The morning after the day before and for the Limerick hurlers, the sense of achievement is still sinking in.

A third All-Ireland in four years, spoken of in generational terms and adrenalin still rushing through the veins after an awe-inspiring display on the big day.

With all that still taking root in the back of the mind, Cian Lynch and Seán Finn were reflecting on their part of Limerick's history-making back-to-back triumph when Marty Morrissey caught up with them on RTÉ's Morning Ireland back in the comforts of their home county.

Lynch, whose collective contribution to the cause also seeped into the individual as he had the honour of being named The Sunday Game Player of the Year, could be forgiven for not being able to get a wink of sleep overnight.

"I go to bed Marty but once I hit the bed, my old head does be going 90 after a game like that," he quipped.
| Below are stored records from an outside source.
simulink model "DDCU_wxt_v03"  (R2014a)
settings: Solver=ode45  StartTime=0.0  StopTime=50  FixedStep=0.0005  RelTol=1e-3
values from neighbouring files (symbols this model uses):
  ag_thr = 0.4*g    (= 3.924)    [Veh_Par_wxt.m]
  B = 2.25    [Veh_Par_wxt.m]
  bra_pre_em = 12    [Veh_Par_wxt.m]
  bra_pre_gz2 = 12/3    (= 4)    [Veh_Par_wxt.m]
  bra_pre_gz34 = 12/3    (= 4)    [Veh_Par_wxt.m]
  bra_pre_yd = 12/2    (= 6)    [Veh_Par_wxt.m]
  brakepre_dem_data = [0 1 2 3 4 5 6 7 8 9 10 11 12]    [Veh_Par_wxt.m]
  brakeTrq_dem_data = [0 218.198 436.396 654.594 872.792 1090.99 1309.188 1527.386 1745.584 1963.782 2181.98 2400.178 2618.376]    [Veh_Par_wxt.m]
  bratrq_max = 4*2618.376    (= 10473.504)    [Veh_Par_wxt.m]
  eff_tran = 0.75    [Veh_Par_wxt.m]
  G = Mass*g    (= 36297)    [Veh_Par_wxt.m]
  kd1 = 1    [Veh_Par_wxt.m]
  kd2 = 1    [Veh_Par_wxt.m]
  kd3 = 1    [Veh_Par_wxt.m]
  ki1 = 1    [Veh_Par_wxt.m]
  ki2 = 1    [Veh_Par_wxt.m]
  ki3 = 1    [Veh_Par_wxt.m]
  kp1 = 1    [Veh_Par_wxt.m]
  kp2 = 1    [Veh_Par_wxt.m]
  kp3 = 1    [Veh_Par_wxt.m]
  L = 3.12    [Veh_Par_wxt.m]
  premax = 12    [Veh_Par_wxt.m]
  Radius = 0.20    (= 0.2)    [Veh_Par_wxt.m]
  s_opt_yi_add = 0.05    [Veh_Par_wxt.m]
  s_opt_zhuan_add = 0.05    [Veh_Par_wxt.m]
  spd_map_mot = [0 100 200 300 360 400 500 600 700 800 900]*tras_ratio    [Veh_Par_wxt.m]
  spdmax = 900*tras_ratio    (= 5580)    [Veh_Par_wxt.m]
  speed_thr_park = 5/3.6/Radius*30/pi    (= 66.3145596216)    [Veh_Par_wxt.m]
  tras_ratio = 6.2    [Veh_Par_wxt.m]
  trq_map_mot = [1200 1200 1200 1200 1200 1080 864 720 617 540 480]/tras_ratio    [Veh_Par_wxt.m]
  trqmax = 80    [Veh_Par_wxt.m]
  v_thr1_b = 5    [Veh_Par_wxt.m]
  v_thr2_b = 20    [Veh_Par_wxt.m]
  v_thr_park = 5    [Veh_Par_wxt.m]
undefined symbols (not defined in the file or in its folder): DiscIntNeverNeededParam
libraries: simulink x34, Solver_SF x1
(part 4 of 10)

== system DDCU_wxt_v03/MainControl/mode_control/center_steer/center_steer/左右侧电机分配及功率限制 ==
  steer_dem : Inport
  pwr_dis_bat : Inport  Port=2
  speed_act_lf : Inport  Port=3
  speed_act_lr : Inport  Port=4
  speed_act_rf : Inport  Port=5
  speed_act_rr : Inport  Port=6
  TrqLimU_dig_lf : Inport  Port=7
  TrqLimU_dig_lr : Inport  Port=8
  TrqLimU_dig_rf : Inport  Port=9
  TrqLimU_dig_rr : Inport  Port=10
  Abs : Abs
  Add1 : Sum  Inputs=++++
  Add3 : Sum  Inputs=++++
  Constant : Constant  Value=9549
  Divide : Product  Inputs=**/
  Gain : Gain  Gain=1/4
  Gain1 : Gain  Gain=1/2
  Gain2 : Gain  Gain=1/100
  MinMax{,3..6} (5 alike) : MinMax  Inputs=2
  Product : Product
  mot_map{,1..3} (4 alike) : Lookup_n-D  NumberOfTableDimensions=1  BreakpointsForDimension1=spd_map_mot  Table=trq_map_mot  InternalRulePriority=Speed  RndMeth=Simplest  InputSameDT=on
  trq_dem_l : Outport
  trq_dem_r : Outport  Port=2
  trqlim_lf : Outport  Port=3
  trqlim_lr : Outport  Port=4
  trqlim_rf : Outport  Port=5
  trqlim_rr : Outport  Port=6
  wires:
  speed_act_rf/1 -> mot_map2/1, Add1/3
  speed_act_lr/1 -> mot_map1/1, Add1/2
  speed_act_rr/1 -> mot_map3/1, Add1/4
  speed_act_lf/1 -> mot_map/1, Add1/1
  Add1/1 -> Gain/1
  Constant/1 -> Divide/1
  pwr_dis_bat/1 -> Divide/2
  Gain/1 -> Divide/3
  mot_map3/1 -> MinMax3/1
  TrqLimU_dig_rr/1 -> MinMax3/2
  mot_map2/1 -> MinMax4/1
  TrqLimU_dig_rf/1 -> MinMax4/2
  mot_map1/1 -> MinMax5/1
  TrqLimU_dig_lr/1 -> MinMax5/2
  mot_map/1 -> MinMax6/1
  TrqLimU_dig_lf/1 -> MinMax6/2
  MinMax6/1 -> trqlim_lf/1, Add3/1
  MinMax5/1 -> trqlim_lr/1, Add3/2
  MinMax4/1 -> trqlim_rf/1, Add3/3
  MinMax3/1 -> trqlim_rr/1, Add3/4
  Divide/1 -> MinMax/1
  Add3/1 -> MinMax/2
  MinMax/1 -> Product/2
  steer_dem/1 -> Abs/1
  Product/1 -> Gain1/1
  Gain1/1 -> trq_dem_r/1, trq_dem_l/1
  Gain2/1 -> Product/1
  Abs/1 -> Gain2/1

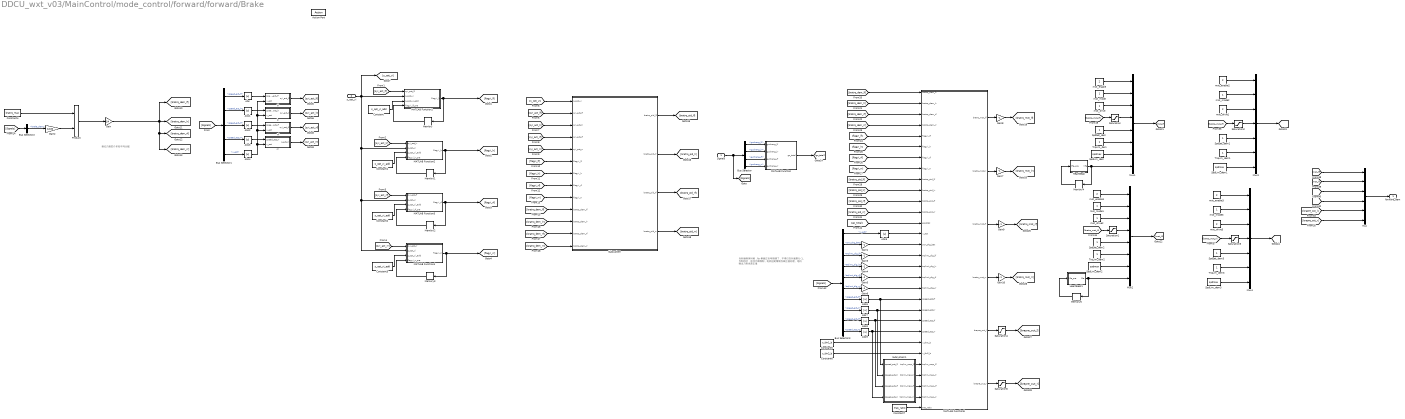
== system DDCU_wxt_v03/MainControl/mode_control/forward/forward/Brake ==
  note: 当时编程序时候，fcn里面正负号搞错了，不得已在外面乘以-1，
      | 当制动时，电池功率限制，电机扭矩限制当做正值处理，电机
      | 输出力矩也是正值
  note: 制动力矩四个车轮平均分配
  Signals : Inport
  s_opt_yi : Inport  Port=2
  Action Port : ActionPort
  Abs{,1..9} (10 alike) : Abs
  Bus Selector : BusSelector  OutputSignals=DriveMotor.guzhang_lf,DriveMotor.guzhang_lr,DriveMotor.guzhang_rf,DriveMotor.guzhang_rr
  Bus Selector1 : BusSelector  OutputSignals=DriveMotor.speed_act_lf,DriveMotor.speed_act_lr,DriveMotor.speed_act_rf,DriveMotor.speed_act_rr,IMU.v_act
  Bus Selector2 : BusSelector  OutputSignals=YaoKong.brake_dem
  Bus Selector3 : BusSelector  OutputSignals=IMU.v_act,Bat.pwr_chg_bat,DriveMotor.trqlimL_dig_lf,DriveMotor.trqlimL_dig_lr,DriveMotor.trqlimL_dig_rf,DriveMotor.trqlimL_dig_rr,DriveMotor.speed_act_lf,DriveMotor.speed_act_lr,DriveMotor.speed_act_rf,DriveMotor.speed_act_rr
  Constant{,1..3} (4 alike) : Constant  Value=s_opt_yi_add
  Constant4 : Constant  Value=bratrq_max
  Constant5 : Constant  Value=v_thr1_b
  Constant6 : Constant  Value=v_thr2_b
  Constant7 : Constant  Value=tras_ratio
  Gain : Gain  Gain=1/4
  Gain{1,3..10} (9 alike) : Gain  Gain=-1
  Gain2 : Gain  Gain=1/100
  HeartBeat : MATLAB Function  TreatAsAtomicUnit=on
  HeartBeat1 : MATLAB Function  TreatAsAtomicUnit=on
  MATLAB Function : MATLAB Function  TreatAsAtomicUnit=on
  MATLAB Function1 : MATLAB Function  TreatAsAtomicUnit=on
  MATLAB Function2 : MATLAB Function  TreatAsAtomicUnit=on
  MATLAB Function3 : MATLAB Function  TreatAsAtomicUnit=on
  MATLAB Function4 : MATLAB Function  TreatAsAtomicUnit=on
  MATLAB Function5 : MATLAB Function  TreatAsAtomicUnit=on
  Memory{,1..5} (6 alike) : Memory  InheritSampleTime=on
  Mux : Mux  Inputs=6
  Mux1 : Mux  Inputs=8
  Mux2 : Mux  Inputs=8
  Mux3 : Mux  Inputs=7
  Mux4 : Mux  Inputs=7
  Product : Product
  Saturation{,1..3} (4 alike) : Saturate  UpperLimit=0  LowerLimit=-trqmax
  Saturation4 : Saturate  UpperLimit=premax  LowerLimit=0
  Saturation5 : Saturate  UpperLimit=premax  LowerLimit=0
  SpdLim_dem{,1..3} (4 alike) : Constant  Value=spdmax
  SpdSet_dem{,1..3} (4 alike) : Constant
  Subsystem : Subsystem
  Subsystem1 : Subsystem
  TrqLim_dem{,1..3} (4 alike) : Constant
  lf : Subsystem
  lr : Subsystem
  mot_drive : Constant
  mot_drive1 : Constant  Value=2
  mot_drive2 : Constant
  mot_drive3 : Constant  Value=2
  mot_enable{,1..3} (4 alike) : Constant  Value=2
  mot_mode{,1..3} (4 alike) : Constant
  rf : Subsystem
  rr : Subsystem
  forward_dem : Outport
  wires:
  Signals/1 -> [Signals], Bus Selector/1
  Bus Selector/3 -> MATLAB Function/3(guzhang_rf)  "<guzhang_rf>"
  Bus Selector/4 -> MATLAB Function/4(guzhang_rr)  "<guzhang_rr>"
  Bus Selector/2 -> MATLAB Function/2(guzhang_lr)  "<guzhang_lr>"
  Bus Selector/1 -> MATLAB Function/1(guzhang_lf)  "<guzhang_lf>"
  MATLAB Function/1(gz_total) -> [gz_total]
  [Signals] -> Bus Selector1/1
  Bus Selector1/1 -> Abs/1  "<speed_act_lf>"
  Bus Selector1/2 -> Abs1/1  "<speed_act_lr>"
  Bus Selector1/3 -> Abs2/1  "<speed_act_rf>"
  Bus Selector1/4 -> Abs3/1  "<speed_act_rr>"
  Bus Selector1/5 -> Abs4/1  "<v_act>"
  Constant3/1 -> MATLAB Function4/3(s_opt_yi_add)
  Memory3/1 -> MATLAB Function4/4(flagyi_rr_pre)
  MATLAB Function4/1(flagyi_rr) -> Memory3/1, [flagyi_rr]
  s_opt_yi/1 -> MATLAB Function2/2(s_opt_yi), MATLAB Function3/2(s_opt_yi), MATLAB Function4/2(s_opt_yi), MATLAB Function1/2(s_opt_yi), [s_opt_yi]
  Constant2/1 -> MATLAB Function3/3(s_opt_yi_add)
  Memory2/1 -> MATLAB Function3/4(flagyi_rf_pre)
  MATLAB Function3/1(flagyi_rf) -> [flagyi_rf], Memory2/1
  Constant1/1 -> MATLAB Function2/3(s_opt_yi_add)
  Memory1/1 -> MATLAB Function2/4(flagyi_lr_pre)
  MATLAB Function2/1(flagyi_lr) -> Memory1/1, [flagyi_lr]
  Constant/1 -> MATLAB Function1/3(s_opt_yi_add)
  Memory/1 -> MATLAB Function1/4(flagyi_lf_pre)
  MATLAB Function1/1(flagyi_lf) -> [flagyi_lf], Memory/1
  lr/1(syi_act_lr) -> [syi_act_lr]
  lf/1(syi_act_lf) -> [syi_act_lf]
  rf/1(syi_act_rf) -> [syi_act_rf]
  rr/1(s_act_rr) -> [syi_act_rr]
  [syi_act_lf] -> MATLAB Function1/1(syi_act_lf)
  [syi_act_lr] -> MATLAB Function2/1(syi_act_lr)
  [syi_act_rf] -> MATLAB Function3/1(syi_act_rf)
  [syi_act_rr] -> MATLAB Function4/1(syi_act_rr)
  [s_opt_yi] -> Subsystem/1(s_opt_yi)
  [syi_act_lf] -> Subsystem/2(syi_act_lf)
  [syi_act_lr] -> Subsystem/3(syi_act_lr)
  [syi_act_rf] -> Subsystem/4(syi_act_rf)
  [syi_act_rr] -> Subsystem/5(syi_act_rr)
  [flagyi_rf] -> Subsystem/8(flagyi_rf)
  [flagyi_lf] -> Subsystem/6(flagyi_lf)
  [flagyi_lr] -> Subsystem/7(flagyi_lr)
  [flagyi_rr] -> Subsystem/9(flagyi_rr)
  [Signals] -> Bus Selector2/1
  Gain/1 -> [bratrq_dem_lr], [bratrq_dem_rr], [bratrq_dem_rf], [bratrq_dem_lf]
  [bratrq_dem_lf] -> Subsystem/10(bratrq_dem_lf)
  [bratrq_dem_lr] -> Subsystem/11(bratrq_dem_lr)
  [bratrq_dem_rf] -> Subsystem/12(bratrq_dem_rf)
  [bratrq_dem_rr] -> Subsystem/13(bratrq_dem_rr)
  Subsystem/2(bratrq_pid_lr) -> [bratrq_pid_lr]
  Subsystem/3(bratrq_pid_rf) -> [bratrq_pid_rf]
  Subsystem/1(bratrq_pid_lf) -> [bratrq_pid_lf]
  Subsystem/4(bratrq_pid_rr) -> [bratrq_pid_rr]
  Mux/1 -> forward_dem/1
  SpdLim_dem3/1 -> Mux4/7
  TrqLim_dem3/1 -> Mux4/6
  Mux4/1 -> [mot_rr]
  SpdSet_dem3/1 -> Mux4/5
  mot_enable3/1 -> Mux4/1
  [bratrq_mot_rr] -> Saturation3/1
  mot_mode3/1 -> Mux4/2
  mot_drive3/1 -> Mux4/3
  SpdLim_dem2/1 -> Mux2/7
  Memory5/1 -> HeartBeat1/1(life_pre)
  HeartBeat1/1(life) -> Memory5/1, Mux2/8
  TrqLim_dem2/1 -> Mux2/6
  Mux2/1 -> [mot_lr]
  SpdSet_dem2/1 -> Mux2/5
  mot_enable1/1 -> Mux2/1
  [bratrq_mot_lr] -> Saturation1/1
  mot_mode1/1 -> Mux2/2
  mot_drive2/1 -> Mux2/3
  SpdLim_dem1/1 -> Mux3/7
  TrqLim_dem1/1 -> Mux3/6
  Mux3/1 -> [mot_rf]
  SpdSet_dem1/1 -> Mux3/5
  mot_enable2/1 -> Mux3/1
  [bratrq_mot_rf] -> Saturation2/1
  mot_mode2/1 -> Mux3/2
  mot_drive1/1 -> Mux3/3
  SpdLim_dem/1 -> Mux1/7
  Memory4/1 -> HeartBeat/1(life_pre)
  HeartBeat/1(life) -> Memory4/1, Mux1/8
  TrqLim_dem/1 -> Mux1/6
  Mux1/1 -> [mot_lf]
  SpdSet_dem/1 -> Mux1/5
  mot_enable/1 -> Mux1/1
  mot_mode/1 -> Mux1/2
  mot_drive/1 -> Mux1/3
  [mot_lf] -> Mux/1
  [mot_lr] -> Mux/2
  [mot_rf] -> Mux/3
  [mot_rr] -> Mux/4
  [brapre_out_l] -> Mux/5
  [brapre_out_r] -> Mux/6
  MATLAB Function5/1(bratrq_mot_lf) -> Gain8/1
  MATLAB Function5/3(bratrq_mot_rf) -> Gain9/1
  MATLAB Function5/2(bratrq_mot_lr) -> Gain7/1
  MATLAB Function5/4(bratrq_mot_rr) -> Gain10/1
  MATLAB Function5/5(brapre_out_l) -> Saturation4/1
  MATLAB Function5/6(brapre_out_r) -> Saturation5/1
  [Signals] -> Bus Selector3/1
  Bus Selector3/2 -> Gain1/1  "<pwr_chg_bat>"
  Bus Selector3/1 -> Abs5/1  "<v_act>"
  Bus Selector3/3 -> Gain3/1  "<trqlimL_dig_lf>"
  Bus Selector3/4 -> Gain4/1  "<trqlimL_dig_lr>"
  Bus Selector3/5 -> Gain5/1  "<trqlimL_dig_rf>"
  Bus Selector3/6 -> Gain6/1  "<trqlimL_dig_rr>"
  Bus Selector3/7 -> Abs6/1  "<speed_act_lf>"
  Bus Selector3/8 -> Abs7/1  "<speed_act_lr>"
  Bus Selector3/9 -> Abs8/1  "<speed_act_rf>"
  Bus Selector3/10 -> Abs9/1  "<speed_act_rr>"
  Constant4/1 -> Product/1
  Gain2/1 -> Product/2
  Bus Selector2/1 -> Gain2/1  "<brake_dem>"
  Product/1 -> Gain/1
  Constant6/1 -> MATLAB Function5/25(v_thr2_b)
  Gain1/1 -> MATLAB Function5/15(pwr_chg_bat)
  Gain3/1 -> MATLAB Function5/16(trqlimL_dig_lf)
  Gain4/1 -> MATLAB Function5/17(trqlimL_dig_lr)
  Gain5/1 -> MATLAB Function5/18(trqlimL_dig_rf)
  Gain6/1 -> MATLAB Function5/19(trqlimL_dig_rr)
  [bratrq_dem_lr] -> MATLAB Function5/2(bratrq_dem_lr)
  [bratrq_dem_rf] -> MATLAB Function5/3(bratrq_dem_rf)
  [bratrq_dem_lf] -> MATLAB Function5/1(bratrq_dem_lf)
  [bratrq_dem_rr] -> MATLAB Function5/4(bratrq_dem_rr)
  [flagyi_lf] -> MATLAB Function5/5(flagyi_lf)
  [flagyi_lr] -> MATLAB Function5/6(flagyi_lr)
  [flagyi_rf] -> MATLAB Function5/7(flagyi_rf)
  [flagyi_rr] -> MATLAB Function5/8(flagyi_rr)
  [bratrq_pid_lf] -> MATLAB Function5/9(bratrq_pid_lf)
  [bratrq_pid_lr] -> MATLAB Function5/10(bratrq_pid_lr)
  [bratrq_pid_rf] -> MATLAB Function5/11(bratrq_pid_rf)
  [bratrq_pid_rr] -> MATLAB Function5/12(bratrq_pid_rr)
  [gz_total] -> MATLAB Function5/13(gz_total)
  Subsystem1/4(trqlim_map_rr) -> MATLAB Function5/29(trqlim_map_rr)
  Subsystem1/3(trqlim_map_rf) -> MATLAB Function5/28(trqlim_map_rf)
  Subsystem1/2(trqlim_map_lr) -> MATLAB Function5/27(trqlim_map_lr)
  Subsystem1/1(trqlim_map_lf) -> MATLAB Function5/26(trqlim_map_lf)
  Constant5/1 -> MATLAB Function5/24(v_thr1_b)
  [bratrq_mot_lf] -> Saturation/1
  Gain8/1 -> [bratrq_mot_lf]
  Gain7/1 -> [bratrq_mot_lr]
  Gain9/1 -> [bratrq_mot_rf]
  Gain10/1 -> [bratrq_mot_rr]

"Everyone's the same. It's weeks building up to a game, adrenalin going throughout the body and coming off a massive high and you're trying to wind down.

"I know we met our parents last night and our families and nearest and dearest but when you go into your own bed and hit the pillow, your mind starts replaying every ball, every episode in the game.

"There's plenty of time for sleep so I'll stay awake for as long as I can now."

Seán Finn reveling in the occasion on the pitch after Sunday's triumph

The 25-year-old Patrickswell club man emphasises the importance of enjoying the moments amid the strain of effort and that's an emotion Finn has been trying to instil into himself in the midst of this unprecedented era for the county.

"These are fantastic times and often-times you mightn't enjoy it because you're working so hard and on the biggest stage when you're inside in the dressing room and the pressure's on and you're worrying what might happen in the next couple of hours, Cian's talking about enjoying it, and you're thinking 'How are you going to enjoy this?' And he's not just saying it and that reflects in his performance," he said.

"You must try to enjoy it and it's something I must get better at myself because these are incredible times for Limerick, Limerick hurling, ourselves and it's important they don't pass us by in the next couple of years."

Limerick certainly did not let Sunday's final pass them by, something which Finn draws immense satisfaction from.

"It was all about ourselves really on the day," he added, "We knew if we worked really hard over the last couple of months, we knew that if we came down and performed the way that we expect of ourselves, that we'd do the business," said the corner-back.

"And it was really satisfying just to even see that first-half performance. Obviously at half-time, we had a job to do in the second half but on the big stage, it's just so satisfying to get that performance, considering you'd worked so hard for the couple of months."

Unlike last December when Limerick won their second All-Ireland title of this span in front of empty stands at Croke Park due to the contemporaneous effects of the Covid-19 pandemic, a crowd of 40,000 were able to be on hand on Sunday and that sense of occasion resonated with Lynch.

"It's been a long 18 months for everyone, not just Limerick people but Cork people and across the whole country and just having fans back in Croke Park, it felt like a packed Croke Park yesterday," he said.

"I keep alluding to it that sport and GAA is so special to us as players but also to continuous generations that keep coming and going and keeps us all together."